# Overprotective German Shepherd: Any advice?



## LittleOne91 (May 11, 2014)

I have a bizarre but serious question. 

I have a 2 year old German Shepherd who is "attached at the hip" to me. Besides once when he was a puppy I've never really left him for more than a few hours. Otherwise he is at my side and always making sure I'm safe and happy. (Which I have no problems with).

The problem is the only time I ever dated someone while owning him was when he was 6 months old, and he had some issues with that:

He would sit in between me and the guy when we were on the couch.
He refused to leave my side when he was in the house.
He would constantly watch him, and be in between us.
and the one time we tried to lock him out of a room he almost broke through the door.

That relationship promptly ended lol. 

Now he is full grown and at least twice that size…. and I am ready to start dating again. The problem: I have no idea how to work these issues out. 

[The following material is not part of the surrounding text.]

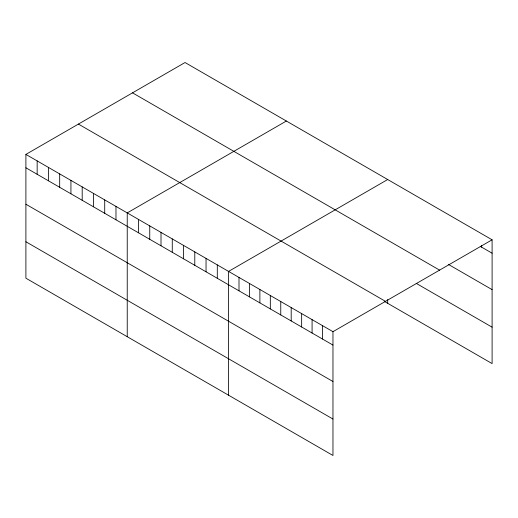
<?xml version="1.0" encoding="UTF-8"?>
<svg xmlns="http://www.w3.org/2000/svg" width="518" height="518" viewBox="0 0 518 518"><rect width="100%" height="100%" fill="white"/><g stroke="black" fill="none" stroke-linecap="round" stroke-linejoin="round"><path stroke-width="0.78" d="M25.9 154.403L332.964 331.682L332.964 455.477L25.9 278.198L25.9 154.403L185.036 62.523L492.1 239.802L492.1 363.597L384.388 301.411M286.37 121.024L127.234 212.904L127.234 336.7M387.697 179.526L228.561 271.406L228.561 395.202M332.964 331.682L492.1 239.802M480.27 246.367L492.1 253.198M448.251 264.316L492.1 289.633M132.524 92.845L439.588 270.124M416.232 283.365L492.1 327.169M78.412 124.08L385.476 301.359M25.9 167.793L332.964 345.072M25.9 204.228L332.964 381.507M25.9 241.764L332.964 419.043M481.662 245.597L481.662 247.17M387.697 299.527L387.697 303.328M322.52 325.654L322.52 339.05M312.082 319.625L312.082 333.022M301.644 313.597L301.644 326.994M291.2 307.569L291.2 320.966M280.762 301.541L280.762 314.938M270.325 295.513L270.325 308.909M259.881 289.491L259.881 302.881M249.443 283.463L249.443 296.853M238.999 277.434L238.999 290.825M217.301 264.905L217.301 278.302M206.041 258.404L206.041 271.801M194.787 251.903L194.787 265.3M183.527 245.402L183.527 258.799M172.267 238.902L172.267 252.298M161.007 232.401L161.007 245.797M149.747 225.906L149.747 239.297M138.487 219.405L138.487 232.796M115.974 206.404L115.974 219.794M104.714 199.903L104.714 213.293M93.454 193.402L93.454 206.799M82.194 186.901L82.194 200.298M70.934 180.4L70.934 193.797M59.68 173.899L59.68 187.296M48.42 167.398L48.42 180.795M37.16 160.897L37.16 174.294"/></g></svg>

He is completely obedient(only to me) and will do anything I ask without question with everything else, but I have no idea how to approach this. 

Do you have any advice or suggestions?


----------



## Greater Swiss (Jun 7, 2011)

First thing I would do is a ton of obedience work, and get it SOLID....have you gone to a basic obedience training class? If not, I recommend it. You absolutely can work on all of the important obedience you would need to deal with this on your own (and getting a start on it is definitely a good start), but I think a training class, with other people and dogs around might be a help....and you can ask the trainer if they can help you with your specific issues, maybe help set up some scenarios to work on it in some private sessions. Again, you could set up some of these scenarios with a personal friend, but with a protective dog, it would probably be best to get someone with a good eye for the dog's behavior to be part of it at least at first. 

Some commands that would be a HUGE help:
Off (as in off of the couch)
Place (put a dog bed in the livingroom, or anywhere else, and if he is trying to sit between you, or getting too intrusive...tell him to go to his "place"). 
Stay
Other basics (sit, down, etc). 
You'll have to get all of these super solid, AND super solid with another person around, who is standing or sitting close to you. 

You say he is completely obedient, which I don't doubt....but he isn't in the scenario you describe, or else you would be able to give him a cue to do something that isn't as intrusive, and he would follow it....You having another person around is too distracting for him and you'll need to work on that. Don't forget (though YOU may be distracted by the other person being around) to praise and treat him, especially at first for doing the right thing, and following your cues. 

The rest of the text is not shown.